→ What this task involves
From the line with "69.147242492), (18.570966974, 65.975924939))" through the line with "extrude(amount=BOSS_EXTRUDE1_DEPTH)", repeat the entries verbatim, both end lines included, and add nothing.

-------------------------

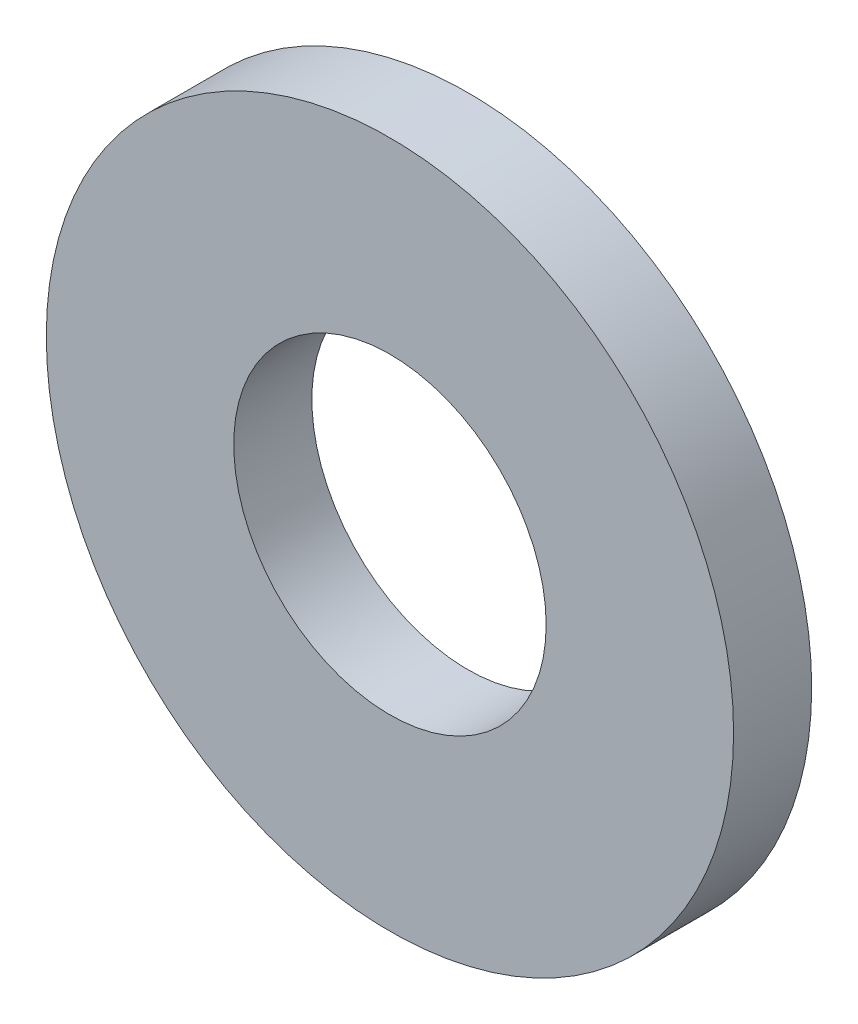
from build123d import *

# Parameters (mm, degrees)
SKETCH1_R      = 5.588
SKETCH1_R_2    = 2.54
EXTRUDE1_DEPTH = 1.27


with BuildPart() as part:
    # Sketch1 → Extrude1 (new body)
    with BuildSketch(Plane.XY):
        Circle(SKETCH1_R)
        Circle(SKETCH1_R_2, mode=Mode.SUBTRACT)
    extrude(amount=-EXTRUDE1_DEPTH)


solid = part.part
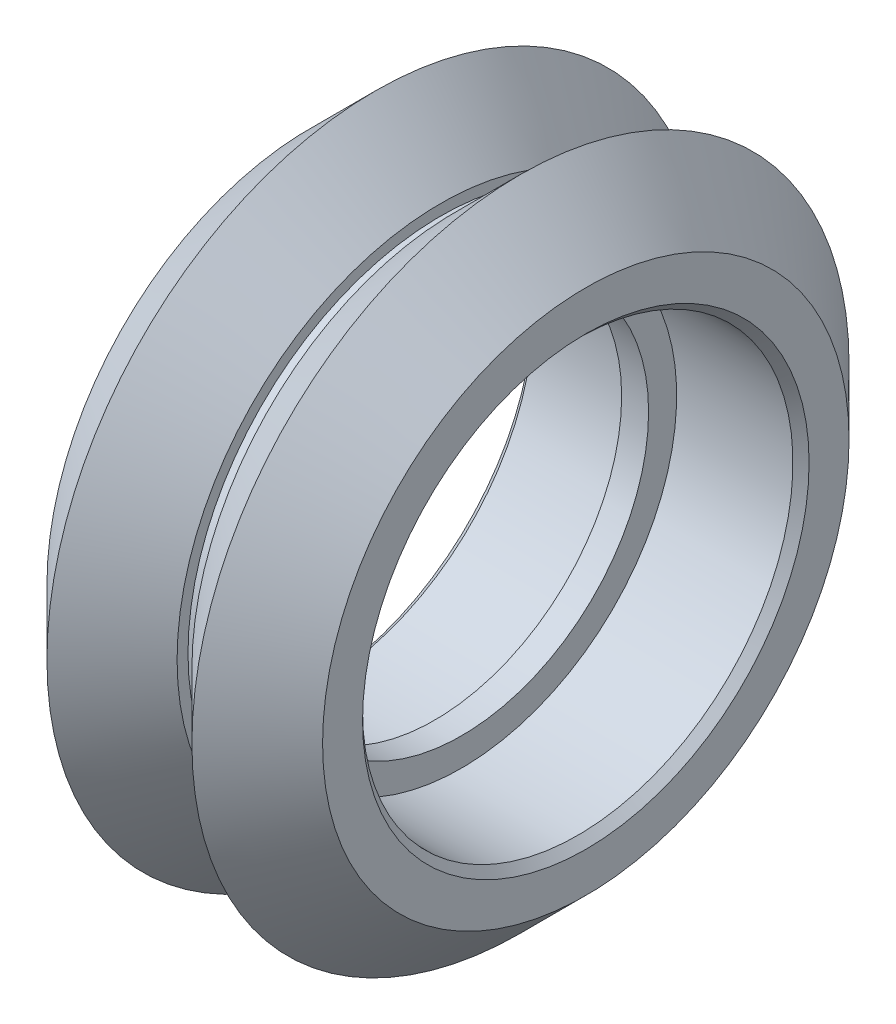
from build123d import *

# Parameters (mm, degrees)
CHAMFER1_SIZE = 0.3


with BuildPart() as part:
    # Sketch1 → Revolve1 (revolve)
    with BuildSketch(Plane.XY):
        Polygon((0.5, 6.945), (-0.5, 6.945), (-0.5, 7.987), (-5.115, 7.987), (-5.115, 9.77), (-2.69, 12.195), (-0.275, 9.78), (-0.275, 9.375), (0.275, 9.375), (0.275, 9.78), (2.69, 12.195), (5.115, 9.77), (5.115, 7.987), (0.5, 7.987), align=None)
    revolve(axis=Axis((0, 0, 0), (1, 0, 0)))

    # Chamfer1
    chamfer1_edges = [part.edges().sort_by_distance(p)[0] for p in [
        (-5.115, -7.987, 0),
        (5.115, -7.987, 0),
    ]]
    chamfer(chamfer1_edges, length=CHAMFER1_SIZE)


solid = part.part
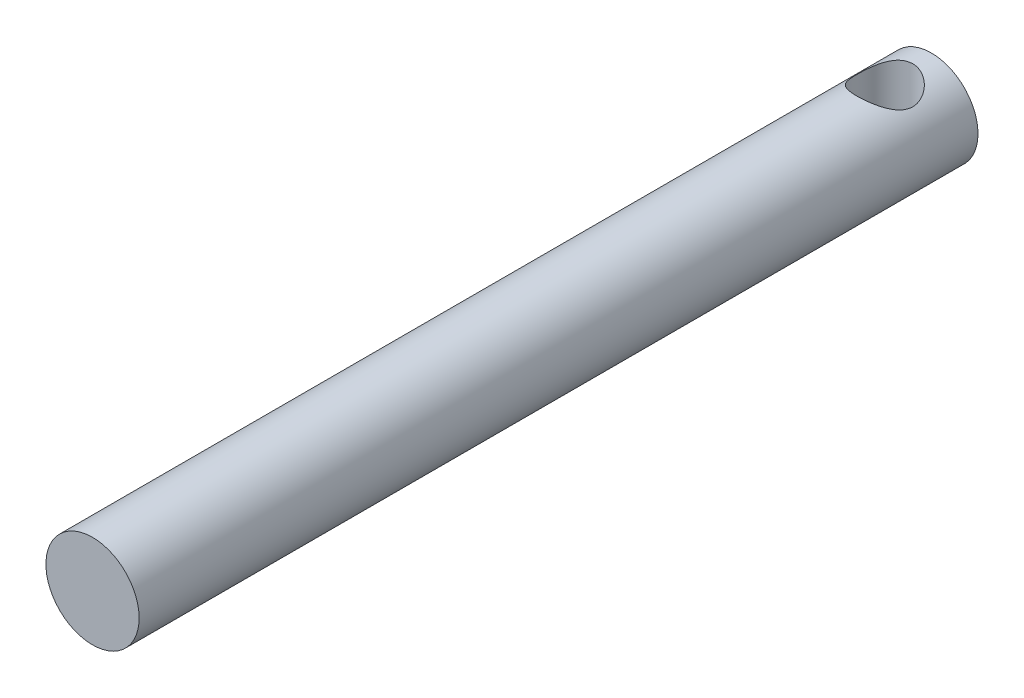
from build123d import *

# Parameters (mm, degrees)
SKETCH_1_R          = 10
EXTRUDE_1_DEPTH     = 180
SKETCH_2_R          = 6
CUT_EXTRUDE_2_DEPTH = 97


with BuildPart() as part:
    # 草图1 → 凸台-拉伸1 (new body)
    with BuildSketch(Plane.XY):
        with Locations((-13.509190135, 11.410675163)):
            Circle(SKETCH_1_R)
    extrude(amount=EXTRUDE_1_DEPTH)

    # 草图2 → 切除-拉伸2 (cut)
    with BuildSketch(Plane(origin=(0, 0, 0), x_dir=(1, 0, 0), z_dir=(0, 1, 0))):
        with Locations((-13.509190135, -10)):
            Circle(SKETCH_2_R)
    extrude(amount=CUT_EXTRUDE_2_DEPTH, mode=Mode.SUBTRACT)


solid = part.part
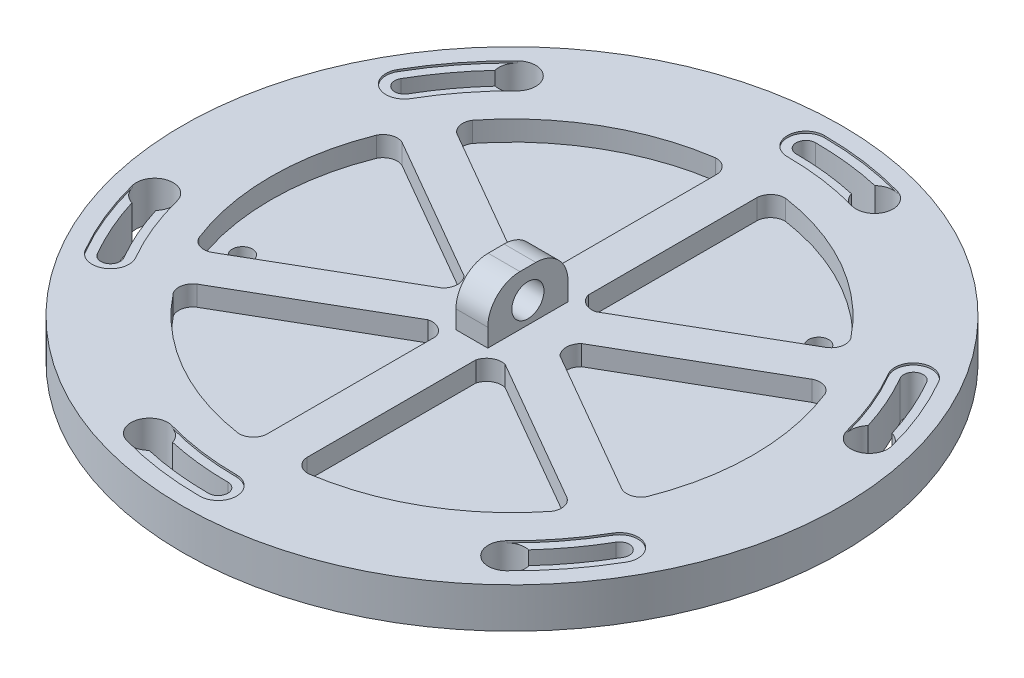
from build123d import *

# Parameters (mm, degrees)
SKETCH1_R           = 82
BOSS_EXTRUDE1_DEPTH = 10
BOSS_EXTRUDE3_DEPTH = 9.525
CIRPATTERN1_COUNT   = 6
CUT_EXTRUDE1_DEPTH  = 5
SKETCH3_R           = 2.5
CUT_EXTRUDE2_DEPTH  = 5
SKETCH3_3_R         = 2.5
CUT_EXTRUDE3_DEPTH  = 5
SKETCH5_W           = 7.911182114
SKETCH5_H           = 19.959178222
BOSS_EXTRUDE5_DEPTH = 12.5
FILLET2_R           = 8
SKETCH7_R           = 4
CUT_EXTRUDE4_DEPTH  = 8.5


with BuildPart() as part:
    # Sketch1 → Boss-Extrude1 (new body)
    with BuildSketch(Plane(origin=(0, 0, 0), x_dir=(1, 0, 0), z_dir=(0, 1, 0))):
        Circle(SKETCH1_R)
        with BuildLine():
            ThreePointArc((0, -68.539794907), (4.585205093, -73.125), (0, -77.710205093))
            ThreePointArc((0, -77.710205093), (-10.627709007, -76.980047914), (-21.05570427, -74.803297343))
            ThreePointArc((-21.05570427, -74.803297343), (-24.227021824, -69.147242492), (-18.570966974, -65.975924939))
            ThreePointArc((-18.570966974, -65.975924939), (-9.373556469, -67.895801969), (0, -68.539794907))
        make_face(mode=Mode.SUBTRACT)
        with BuildLine():
            ThreePointArc((-59.357203559, -34.269897453), (-61.035505105, -40.533404092), (-67.299011744, -38.855102547))
            ThreePointArc((-67.299011744, -38.855102547), (-71.980531582, -29.286157973), (-75.309407921, -19.166873879))
            ThreePointArc((-75.309407921, -19.166873879), (-71.996779512, -13.592404889), (-66.422310522, -16.905033297))
            ThreePointArc((-66.422310522, -16.905033297), (-63.48626755, -25.830162958), (-59.357203559, -34.269897453))
        make_face(mode=Mode.SUBTRACT)
        with BuildLine():
            ThreePointArc((59.357203559, -34.269897453), (65.620710198, -32.591595908), (67.299011744, -38.855102547))
            ThreePointArc((67.299011744, -38.855102547), (61.352822575, -47.693889942), (54.25370365, -55.636423464))
            ThreePointArc((54.25370365, -55.636423464), (47.769757688, -55.554837604), (47.851343548, -49.070891641))
            ThreePointArc((47.851343548, -49.070891641), (54.112711081, -42.065639011), (59.357203559, -34.269897453))
        make_face(mode=Mode.SUBTRACT)
        with BuildLine():
            ThreePointArc((-59.357203559, 34.269897453), (-65.620710198, 32.591595908), (-67.299011744, 38.855102547))
            ThreePointArc((-67.299011744, 38.855102547), (-61.352822575, 47.693889942), (-54.25370365, 55.636423464))
            ThreePointArc((-54.25370365, 55.636423464), (-47.769757688, 55.554837604), (-47.851343548, 49.070891641))
            ThreePointArc((-47.851343548, 49.070891641), (-54.112711081, 42.065639011), (-59.357203559, 34.269897453))
        make_face(mode=Mode.SUBTRACT)
        with BuildLine():
            ThreePointArc((59.357203559, 34.269897453), (61.035505105, 40.533404092), (67.299011744, 38.855102547))
            ThreePointArc((67.299011744, 38.855102547), (71.980531582, 29.286157973), (75.309407921, 19.166873879))
            ThreePointArc((75.309407921, 19.166873879), (71.996779512, 13.592404889), (66.422310522, 16.905033297))
            ThreePointArc((66.422310522, 16.905033297), (63.48626755, 25.830162958), (59.357203559, 34.269897453))
        make_face(mode=Mode.SUBTRACT)
        with BuildLine():
            ThreePointArc((0, 68.539794907), (-4.585205093, 73.125), (0, 77.710205093))
            ThreePointArc((0, 77.710205093), (10.627709007, 76.980047914), (21.05570427, 74.803297343))
            ThreePointArc((21.05570427, 74.803297343), (24.227021824, 69.147242492), (18.570966974, 65.975924939))
            ThreePointArc((18.570966974, 65.975924939), (9.373556469, 67.895801969), (0, 68.539794907))
        make_face(mode=Mode.SUBTRACT)
    extrude(amount=BOSS_EXTRUDE1_DEPTH)

    # Sketch1_4 → Boss-Extrude3 (add)
    with BuildSketch(Plane(origin=(0, 0, 0), x_dir=(1, 0, 0), z_dir=(0, 1, 0))):
        with BuildLine():
            ThreePointArc((-75.309407921, -19.166873879), (-71.980531582, -29.286157973), (-67.299011744, -38.855102547))
            ThreePointArc((-67.299011744, -38.855102547), (-61.035505105, -40.533404092), (-59.357203559, -34.269897453))
            ThreePointArc((-59.357203559, -34.269897453), (-63.48626755, -25.830162958), (-66.422310522, -16.905033297))
            ThreePointArc((-66.422310522, -16.905033297), (-66.418285743, -19.150940539), (-67.48132535, -21.129339471))
            ThreePointArc((-67.48132535, -21.129339471), (-64.751733563, -28.414631056), (-61.238335159, -35.355969289))
            ThreePointArc((-61.238335159, -35.355969289), (-62.121576941, -38.652272492), (-65.417880144, -37.769030711))
            ThreePointArc((-65.417880144, -37.769030711), (-69.197773577, -30.293016611), (-72.126599919, -22.444427093))
            ThreePointArc((-72.126599919, -22.444427093), (-74.155284422, -21.230290389), (-75.309407921, -19.166873879))
        make_face()
    boss_extrude3 = extrude(amount=BOSS_EXTRUDE3_DEPTH)

    # CirPattern1: Boss-Extrude3 ×6 about axis
    cirpattern1_axis = Axis((0, 10, 0), (0, 1, 0))
    for i in range(1, CIRPATTERN1_COUNT):
        add(boss_extrude3.rotate(cirpattern1_axis, i * 360 / CIRPATTERN1_COUNT))

    # Sketch2 → Cut-Extrude1 (cut)
    with BuildSketch(Plane(origin=(0, 10, 0), x_dir=(1, 0, 0), z_dir=(0, 1, 0))):
        with BuildLine():
            Line((-14.620190528, 2.667468245), (-51.015872171, 23.680524839))
            ThreePointArc((-51.015872171, 23.680524839), (-53.723615936, 23.879831653), (-55.779211114, 22.106098875))
            ThreePointArc((-55.779211114, 22.106098875), (-60, 0), (-55.779211114, -22.106098875))
            ThreePointArc((-55.779211114, -22.106098875), (-53.723615936, -23.879831653), (-51.015872171, -23.680524839))
            Line((-51.015872171, -23.680524839), (-14.620190528, -2.667468245))
            ThreePointArc((-14.620190528, -2.667468245), (-13.515289004, 0), (-14.620190528, 2.667468245))
        make_face()
        with BuildLine():
            Line((-5, 13.995190528), (-5, 56.021303716))
            ThreePointArc((-5, 56.021303716), (-6.181267118, 58.46593201), (-8.745162353, 59.359263266))
            ThreePointArc((-8.745162353, 59.359263266), (-30, 51.961524227), (-47.034048761, 37.253164391))
            ThreePointArc((-47.034048761, 37.253164391), (-47.542348818, 34.586100357), (-46.015872171, 32.340778877))
            Line((-46.015872171, 32.340778877), (-9.620190528, 11.327722283))
            ThreePointArc((-9.620190528, 11.327722283), (-6.757644502, 11.704583617), (-5, 13.995190528))
        make_face()
        with BuildLine():
            Line((-9.620190528, -11.327722283), (-46.015872171, -32.340778877))
            ThreePointArc((-46.015872171, -32.340778877), (-47.542348818, -34.586100357), (-47.034048761, -37.253164391))
            ThreePointArc((-47.034048761, -37.253164391), (-30, -51.961524227), (-8.745162353, -59.359263266))
            ThreePointArc((-8.745162353, -59.359263266), (-6.181267118, -58.46593201), (-5, -56.021303716))
            Line((-5, -56.021303716), (-5, -13.995190528))
            ThreePointArc((-5, -13.995190528), (-6.757644502, -11.704583617), (-9.620190528, -11.327722283))
        make_face()
        with BuildLine():
            Line((9.620190528, 11.327722283), (46.015872171, 32.340778877))
            ThreePointArc((46.015872171, 32.340778877), (47.542348818, 34.586100357), (47.034048761, 37.253164391))
            ThreePointArc((47.034048761, 37.253164391), (30, 51.961524227), (8.745162353, 59.359263266))
            ThreePointArc((8.745162353, 59.359263266), (6.181267118, 58.46593201), (5, 56.021303716))
            Line((5, 56.021303716), (5, 13.995190528))
            ThreePointArc((5, 13.995190528), (6.757644502, 11.704583617), (9.620190528, 11.327722283))
        make_face()
        with BuildLine():
            Line((14.620190528, -2.667468245), (51.015872171, -23.680524839))
            ThreePointArc((51.015872171, -23.680524839), (53.723615936, -23.879831653), (55.779211114, -22.106098875))
            ThreePointArc((55.779211114, -22.106098875), (60, 0), (55.779211114, 22.106098875))
            ThreePointArc((55.779211114, 22.106098875), (53.723615936, 23.879831653), (51.015872171, 23.680524839))
            Line((51.015872171, 23.680524839), (14.620190528, 2.667468245))
            ThreePointArc((14.620190528, 2.667468245), (13.515289004, 0), (14.620190528, -2.667468245))
        make_face()
        with BuildLine():
            Line((5, -13.995190528), (5, -56.021303716))
            ThreePointArc((5, -56.021303716), (6.181267118, -58.46593201), (8.745162353, -59.359263266))
            ThreePointArc((8.745162353, -59.359263266), (30, -51.961524227), (47.034048761, -37.253164391))
            ThreePointArc((47.034048761, -37.253164391), (47.542348818, -34.586100357), (46.015872171, -32.340778877))
            Line((46.015872171, -32.340778877), (9.620190528, -11.327722283))
            ThreePointArc((9.620190528, -11.327722283), (6.757644502, -11.704583617), (5, -13.995190528))
        make_face()
    extrude(amount=-CUT_EXTRUDE1_DEPTH, mode=Mode.SUBTRACT)

    # Sketch3 → Cut-Extrude2 (cut)
    with BuildSketch(Plane.XZ):
        with Locations((-51.685176347, 15.403969857)):
            Circle(SKETCH3_R)
    extrude(amount=-CUT_EXTRUDE2_DEPTH, mode=Mode.SUBTRACT)

    # Sketch3_3 → Cut-Extrude3 (cut)
    with BuildSketch(Plane.XZ):
        with Locations((39.514507533, -36.782411469)):
            Circle(SKETCH3_3_R)
    extrude(amount=-CUT_EXTRUDE3_DEPTH, mode=Mode.SUBTRACT)

    # Sketch5 → Boss-Extrude5 (add)
    with BuildSketch(Plane(origin=(0, 10, 0), x_dir=(1, 0, 0), z_dir=(0, 1, 0))):
        Rectangle(SKETCH5_W, SKETCH5_H)
    extrude(amount=BOSS_EXTRUDE5_DEPTH)

    # Fillet2
    fillet2_edges = [part.edges().sort_by_distance(p)[0] for p in [
        (0, 22.5, -9.979589111),
        (0, 22.5, 9.979589111),
    ]]
    fillet(fillet2_edges, radius=FILLET2_R)

    # Sketch7 → Cut-Extrude4 (cut)
    with BuildSketch(Plane.ZY.offset(3.955591057)):
        with Locations((0, 15.342929393)):
            Circle(SKETCH7_R)
    extrude(amount=-CUT_EXTRUDE4_DEPTH, mode=Mode.SUBTRACT)


solid = part.part

-------------------------

→ Solution below
            ThreePointArc((21.05570427, 74.803297343), (24.227021824, 69.147242492), (18.570966974, 65.975924939))
            ThreePointArc((18.570966974, 65.975924939), (9.373556469, 67.895801969), (0, 68.539794907))
        make_face(mode=Mode.SUBTRACT)
    extrude(amount=BOSS_EXTRUDE1_DEPTH)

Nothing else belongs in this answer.